## EXERCISE OBJECTIVE:
Leaving out every picture, copy the lines of the data exactly, from the first through the line containing "#9=PRODUCT_DEFINITION_SHAPE('','',#8);".

## EXTRACTED DATA:
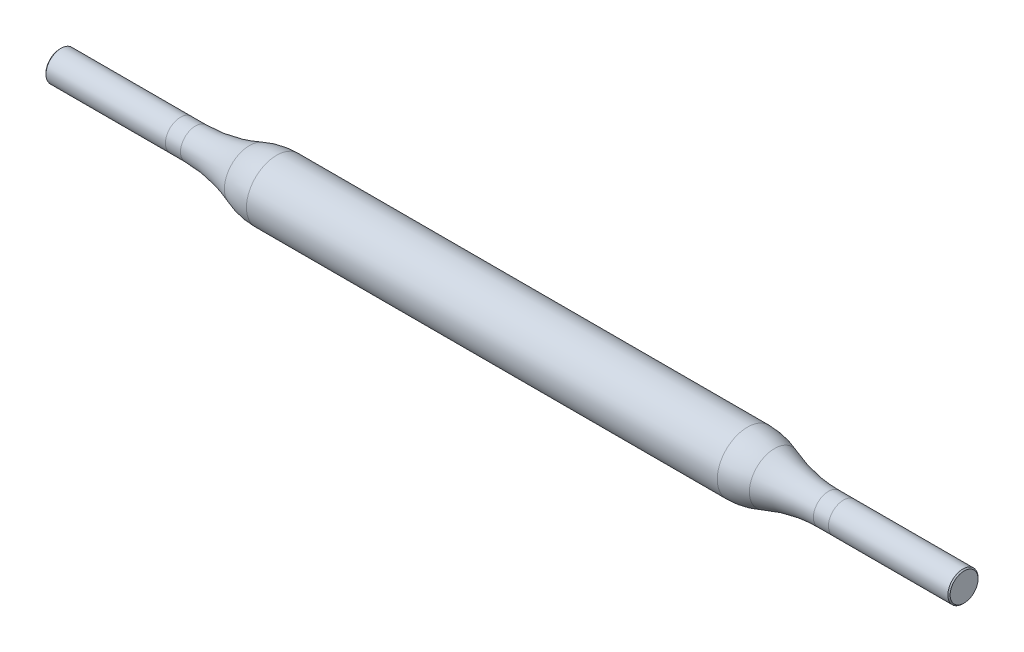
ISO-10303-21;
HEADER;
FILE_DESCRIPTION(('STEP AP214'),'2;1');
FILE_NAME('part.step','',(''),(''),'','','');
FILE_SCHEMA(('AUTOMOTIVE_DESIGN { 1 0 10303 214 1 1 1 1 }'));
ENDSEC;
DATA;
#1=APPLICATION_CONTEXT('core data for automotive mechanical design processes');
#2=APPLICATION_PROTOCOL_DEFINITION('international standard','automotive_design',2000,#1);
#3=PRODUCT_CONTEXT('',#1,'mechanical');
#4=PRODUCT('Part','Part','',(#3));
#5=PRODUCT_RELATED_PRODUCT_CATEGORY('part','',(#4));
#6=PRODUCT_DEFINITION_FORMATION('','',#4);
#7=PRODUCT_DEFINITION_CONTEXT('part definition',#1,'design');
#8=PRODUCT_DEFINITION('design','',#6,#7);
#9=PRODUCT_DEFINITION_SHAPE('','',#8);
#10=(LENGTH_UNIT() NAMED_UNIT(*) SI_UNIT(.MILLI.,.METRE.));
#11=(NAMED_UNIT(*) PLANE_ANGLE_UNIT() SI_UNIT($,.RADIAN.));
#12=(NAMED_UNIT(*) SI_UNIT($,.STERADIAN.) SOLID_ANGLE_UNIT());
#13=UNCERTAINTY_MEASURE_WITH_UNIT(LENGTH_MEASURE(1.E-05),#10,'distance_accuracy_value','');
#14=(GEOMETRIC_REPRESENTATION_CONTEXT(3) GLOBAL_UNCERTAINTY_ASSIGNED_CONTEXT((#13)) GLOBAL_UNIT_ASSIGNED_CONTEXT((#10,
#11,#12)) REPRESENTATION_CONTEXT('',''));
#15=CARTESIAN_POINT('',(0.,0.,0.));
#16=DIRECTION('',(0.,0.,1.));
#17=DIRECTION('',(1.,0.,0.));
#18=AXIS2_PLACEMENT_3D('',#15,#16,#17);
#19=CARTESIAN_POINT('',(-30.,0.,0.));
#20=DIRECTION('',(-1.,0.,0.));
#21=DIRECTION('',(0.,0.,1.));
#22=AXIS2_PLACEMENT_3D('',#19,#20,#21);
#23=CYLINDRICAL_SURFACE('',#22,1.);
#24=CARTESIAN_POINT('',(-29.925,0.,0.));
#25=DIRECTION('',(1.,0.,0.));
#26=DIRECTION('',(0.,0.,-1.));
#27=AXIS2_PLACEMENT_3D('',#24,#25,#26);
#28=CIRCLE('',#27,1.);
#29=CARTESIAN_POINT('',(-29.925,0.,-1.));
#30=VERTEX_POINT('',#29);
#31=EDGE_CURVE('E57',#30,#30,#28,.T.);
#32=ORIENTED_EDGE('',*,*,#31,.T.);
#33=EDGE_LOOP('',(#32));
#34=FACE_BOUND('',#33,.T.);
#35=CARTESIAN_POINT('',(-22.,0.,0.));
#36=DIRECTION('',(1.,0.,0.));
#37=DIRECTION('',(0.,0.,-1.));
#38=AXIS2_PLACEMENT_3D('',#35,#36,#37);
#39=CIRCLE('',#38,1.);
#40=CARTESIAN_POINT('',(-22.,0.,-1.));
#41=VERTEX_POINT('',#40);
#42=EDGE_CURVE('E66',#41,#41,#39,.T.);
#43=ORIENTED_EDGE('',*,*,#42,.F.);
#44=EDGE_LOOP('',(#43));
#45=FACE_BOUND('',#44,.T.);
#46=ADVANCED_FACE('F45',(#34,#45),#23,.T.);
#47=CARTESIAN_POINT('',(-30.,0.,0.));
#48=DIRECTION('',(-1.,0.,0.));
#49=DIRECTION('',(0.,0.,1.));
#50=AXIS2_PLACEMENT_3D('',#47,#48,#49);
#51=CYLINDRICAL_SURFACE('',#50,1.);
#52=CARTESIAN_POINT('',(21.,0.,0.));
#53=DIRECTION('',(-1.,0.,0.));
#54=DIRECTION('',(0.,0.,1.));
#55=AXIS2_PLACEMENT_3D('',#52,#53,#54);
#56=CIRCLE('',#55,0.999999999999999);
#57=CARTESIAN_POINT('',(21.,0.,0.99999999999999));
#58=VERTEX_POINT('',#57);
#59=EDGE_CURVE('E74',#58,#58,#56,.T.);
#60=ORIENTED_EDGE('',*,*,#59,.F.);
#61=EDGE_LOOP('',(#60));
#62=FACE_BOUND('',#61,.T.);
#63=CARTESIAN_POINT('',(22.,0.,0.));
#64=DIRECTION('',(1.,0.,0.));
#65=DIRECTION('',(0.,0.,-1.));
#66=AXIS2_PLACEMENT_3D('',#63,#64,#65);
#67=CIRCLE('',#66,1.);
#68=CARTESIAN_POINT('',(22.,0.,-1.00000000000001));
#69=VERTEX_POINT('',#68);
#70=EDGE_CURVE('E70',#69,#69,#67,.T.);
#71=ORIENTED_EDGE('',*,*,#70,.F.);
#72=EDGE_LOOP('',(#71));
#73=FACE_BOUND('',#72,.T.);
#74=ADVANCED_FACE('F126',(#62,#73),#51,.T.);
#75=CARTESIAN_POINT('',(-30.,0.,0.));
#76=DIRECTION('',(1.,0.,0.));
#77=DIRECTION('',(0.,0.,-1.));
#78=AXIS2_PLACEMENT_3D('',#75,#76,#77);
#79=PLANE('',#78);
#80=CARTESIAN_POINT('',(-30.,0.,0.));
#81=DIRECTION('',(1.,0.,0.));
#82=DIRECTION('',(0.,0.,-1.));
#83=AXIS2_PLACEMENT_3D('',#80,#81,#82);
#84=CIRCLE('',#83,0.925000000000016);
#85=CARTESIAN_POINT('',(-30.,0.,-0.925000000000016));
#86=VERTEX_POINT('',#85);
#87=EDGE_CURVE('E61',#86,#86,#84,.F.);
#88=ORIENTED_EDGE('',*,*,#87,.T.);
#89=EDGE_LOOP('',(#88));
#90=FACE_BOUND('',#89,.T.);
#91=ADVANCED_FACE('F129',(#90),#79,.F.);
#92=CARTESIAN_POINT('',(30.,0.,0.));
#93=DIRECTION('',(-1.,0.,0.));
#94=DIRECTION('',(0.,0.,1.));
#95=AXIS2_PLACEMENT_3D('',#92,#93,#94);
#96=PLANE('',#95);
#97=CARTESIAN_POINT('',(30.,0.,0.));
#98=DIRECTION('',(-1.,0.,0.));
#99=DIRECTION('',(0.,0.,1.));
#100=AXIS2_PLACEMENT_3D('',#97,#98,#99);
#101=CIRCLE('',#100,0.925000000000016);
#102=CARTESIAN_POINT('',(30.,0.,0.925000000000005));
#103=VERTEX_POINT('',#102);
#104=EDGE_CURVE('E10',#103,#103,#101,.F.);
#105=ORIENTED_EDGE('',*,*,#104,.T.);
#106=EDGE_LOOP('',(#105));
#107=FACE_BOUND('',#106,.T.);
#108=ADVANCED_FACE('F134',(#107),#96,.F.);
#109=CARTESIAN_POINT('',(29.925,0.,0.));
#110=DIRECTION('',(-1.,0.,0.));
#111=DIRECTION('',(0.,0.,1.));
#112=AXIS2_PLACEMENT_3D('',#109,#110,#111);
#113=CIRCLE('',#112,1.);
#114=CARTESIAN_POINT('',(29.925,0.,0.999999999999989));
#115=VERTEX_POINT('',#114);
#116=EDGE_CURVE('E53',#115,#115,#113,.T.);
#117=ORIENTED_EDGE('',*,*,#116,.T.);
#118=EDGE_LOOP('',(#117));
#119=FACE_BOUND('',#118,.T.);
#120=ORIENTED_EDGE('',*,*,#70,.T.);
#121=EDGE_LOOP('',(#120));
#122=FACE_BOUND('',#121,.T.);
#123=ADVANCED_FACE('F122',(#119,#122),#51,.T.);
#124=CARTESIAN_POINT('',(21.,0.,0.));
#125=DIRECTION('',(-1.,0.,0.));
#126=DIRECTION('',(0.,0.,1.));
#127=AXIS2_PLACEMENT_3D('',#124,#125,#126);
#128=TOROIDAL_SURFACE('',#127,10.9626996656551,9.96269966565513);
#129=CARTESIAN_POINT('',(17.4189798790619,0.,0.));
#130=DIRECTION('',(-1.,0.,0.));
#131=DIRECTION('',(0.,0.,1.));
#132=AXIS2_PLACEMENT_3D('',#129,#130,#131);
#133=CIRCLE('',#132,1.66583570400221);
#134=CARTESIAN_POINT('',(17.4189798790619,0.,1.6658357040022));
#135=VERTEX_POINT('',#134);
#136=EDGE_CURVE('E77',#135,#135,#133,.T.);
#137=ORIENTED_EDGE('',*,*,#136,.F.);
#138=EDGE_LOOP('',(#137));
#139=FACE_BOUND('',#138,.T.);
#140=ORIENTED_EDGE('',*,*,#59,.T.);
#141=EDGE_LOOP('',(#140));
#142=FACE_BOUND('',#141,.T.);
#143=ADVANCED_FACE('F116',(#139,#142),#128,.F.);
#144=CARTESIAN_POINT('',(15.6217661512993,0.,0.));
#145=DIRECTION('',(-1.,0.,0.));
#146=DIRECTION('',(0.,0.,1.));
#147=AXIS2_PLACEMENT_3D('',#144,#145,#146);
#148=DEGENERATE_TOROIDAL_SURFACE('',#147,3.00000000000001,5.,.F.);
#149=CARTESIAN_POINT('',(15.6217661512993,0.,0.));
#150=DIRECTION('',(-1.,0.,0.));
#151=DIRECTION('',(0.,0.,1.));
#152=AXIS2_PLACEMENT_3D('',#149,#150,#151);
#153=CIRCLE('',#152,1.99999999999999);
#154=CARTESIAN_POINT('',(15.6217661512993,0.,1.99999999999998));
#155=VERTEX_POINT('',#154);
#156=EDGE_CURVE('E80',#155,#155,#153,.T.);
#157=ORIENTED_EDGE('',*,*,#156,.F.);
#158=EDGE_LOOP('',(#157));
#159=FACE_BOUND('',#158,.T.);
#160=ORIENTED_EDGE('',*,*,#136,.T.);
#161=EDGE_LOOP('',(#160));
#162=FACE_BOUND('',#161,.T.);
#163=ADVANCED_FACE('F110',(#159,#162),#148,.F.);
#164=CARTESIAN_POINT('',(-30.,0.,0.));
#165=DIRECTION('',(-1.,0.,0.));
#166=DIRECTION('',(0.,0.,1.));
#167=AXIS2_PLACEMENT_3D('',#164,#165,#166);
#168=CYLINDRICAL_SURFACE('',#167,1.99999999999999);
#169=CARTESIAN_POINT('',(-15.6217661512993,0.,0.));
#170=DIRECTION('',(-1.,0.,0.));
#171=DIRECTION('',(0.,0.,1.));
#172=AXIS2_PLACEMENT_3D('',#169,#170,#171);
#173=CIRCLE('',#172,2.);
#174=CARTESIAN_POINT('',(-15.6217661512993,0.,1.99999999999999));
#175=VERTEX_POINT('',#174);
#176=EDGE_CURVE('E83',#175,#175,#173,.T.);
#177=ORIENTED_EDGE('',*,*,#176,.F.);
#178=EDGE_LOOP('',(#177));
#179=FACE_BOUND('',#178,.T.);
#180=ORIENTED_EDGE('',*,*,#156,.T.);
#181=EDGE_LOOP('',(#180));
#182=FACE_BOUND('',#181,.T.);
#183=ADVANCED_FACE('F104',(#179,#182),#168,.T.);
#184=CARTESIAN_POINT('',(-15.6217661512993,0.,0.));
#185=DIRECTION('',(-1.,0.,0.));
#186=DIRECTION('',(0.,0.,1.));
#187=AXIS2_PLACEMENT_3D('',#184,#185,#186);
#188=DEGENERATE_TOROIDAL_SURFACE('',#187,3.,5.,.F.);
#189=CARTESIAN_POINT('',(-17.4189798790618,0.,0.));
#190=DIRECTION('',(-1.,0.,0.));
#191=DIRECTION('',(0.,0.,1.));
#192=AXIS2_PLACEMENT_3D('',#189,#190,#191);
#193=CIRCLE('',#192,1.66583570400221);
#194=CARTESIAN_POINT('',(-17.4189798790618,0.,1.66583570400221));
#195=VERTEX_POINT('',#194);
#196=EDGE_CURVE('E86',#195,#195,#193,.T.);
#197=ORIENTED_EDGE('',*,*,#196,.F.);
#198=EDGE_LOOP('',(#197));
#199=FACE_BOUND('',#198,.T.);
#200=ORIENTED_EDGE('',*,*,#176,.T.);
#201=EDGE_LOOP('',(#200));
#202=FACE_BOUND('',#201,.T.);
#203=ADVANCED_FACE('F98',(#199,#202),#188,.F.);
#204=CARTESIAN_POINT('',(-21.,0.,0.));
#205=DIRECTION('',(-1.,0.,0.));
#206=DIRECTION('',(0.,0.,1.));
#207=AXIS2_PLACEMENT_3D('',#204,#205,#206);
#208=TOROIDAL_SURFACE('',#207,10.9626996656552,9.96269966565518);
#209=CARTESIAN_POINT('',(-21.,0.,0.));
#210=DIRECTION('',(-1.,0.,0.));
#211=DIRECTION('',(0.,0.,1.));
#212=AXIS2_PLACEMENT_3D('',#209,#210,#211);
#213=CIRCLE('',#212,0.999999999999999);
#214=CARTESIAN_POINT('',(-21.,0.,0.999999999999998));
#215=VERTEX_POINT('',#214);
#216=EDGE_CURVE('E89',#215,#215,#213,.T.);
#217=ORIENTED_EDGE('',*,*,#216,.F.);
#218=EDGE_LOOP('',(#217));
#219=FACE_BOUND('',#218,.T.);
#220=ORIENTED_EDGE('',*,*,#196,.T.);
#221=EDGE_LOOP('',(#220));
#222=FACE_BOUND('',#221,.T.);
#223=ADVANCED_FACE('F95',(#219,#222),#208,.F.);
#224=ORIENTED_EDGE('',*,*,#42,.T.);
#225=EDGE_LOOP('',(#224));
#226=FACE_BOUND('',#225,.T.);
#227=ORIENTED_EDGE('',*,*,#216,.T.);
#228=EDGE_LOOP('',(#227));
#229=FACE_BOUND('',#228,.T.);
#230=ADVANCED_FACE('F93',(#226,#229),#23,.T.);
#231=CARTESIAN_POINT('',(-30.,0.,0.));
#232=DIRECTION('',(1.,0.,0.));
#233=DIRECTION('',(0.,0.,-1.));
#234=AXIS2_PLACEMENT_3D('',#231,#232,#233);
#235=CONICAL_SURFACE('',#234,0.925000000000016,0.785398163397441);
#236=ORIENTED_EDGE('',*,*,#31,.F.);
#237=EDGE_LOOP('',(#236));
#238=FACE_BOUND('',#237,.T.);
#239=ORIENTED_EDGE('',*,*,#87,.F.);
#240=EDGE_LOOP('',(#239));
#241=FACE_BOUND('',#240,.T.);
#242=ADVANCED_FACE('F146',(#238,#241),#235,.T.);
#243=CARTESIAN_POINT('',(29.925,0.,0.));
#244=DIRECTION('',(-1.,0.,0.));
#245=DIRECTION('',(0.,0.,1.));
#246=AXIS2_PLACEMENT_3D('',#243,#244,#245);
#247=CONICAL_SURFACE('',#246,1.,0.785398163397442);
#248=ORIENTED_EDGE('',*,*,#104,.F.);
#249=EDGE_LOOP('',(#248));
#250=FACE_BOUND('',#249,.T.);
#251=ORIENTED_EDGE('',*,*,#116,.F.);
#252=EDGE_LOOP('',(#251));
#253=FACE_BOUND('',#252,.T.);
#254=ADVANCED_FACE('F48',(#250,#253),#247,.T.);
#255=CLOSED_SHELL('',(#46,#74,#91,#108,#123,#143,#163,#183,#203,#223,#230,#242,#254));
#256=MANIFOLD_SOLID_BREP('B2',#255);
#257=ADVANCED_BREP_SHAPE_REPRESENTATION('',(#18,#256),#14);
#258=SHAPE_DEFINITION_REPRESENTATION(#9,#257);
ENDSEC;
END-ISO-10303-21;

## EXPECTED ANSWER:
ISO-10303-21;
HEADER;
FILE_DESCRIPTION(('STEP AP214'),'2;1');
FILE_NAME('part.step','',(''),(''),'','','');
FILE_SCHEMA(('AUTOMOTIVE_DESIGN { 1 0 10303 214 1 1 1 1 }'));
ENDSEC;
DATA;
#1=APPLICATION_CONTEXT('core data for automotive mechanical design processes');
#2=APPLICATION_PROTOCOL_DEFINITION('international standard','automotive_design',2000,#1);
#3=PRODUCT_CONTEXT('',#1,'mechanical');
#4=PRODUCT('Part','Part','',(#3));
#5=PRODUCT_RELATED_PRODUCT_CATEGORY('part','',(#4));
#6=PRODUCT_DEFINITION_FORMATION('','',#4);
#7=PRODUCT_DEFINITION_CONTEXT('part definition',#1,'design');
#8=PRODUCT_DEFINITION('design','',#6,#7);
#9=PRODUCT_DEFINITION_SHAPE('','',#8);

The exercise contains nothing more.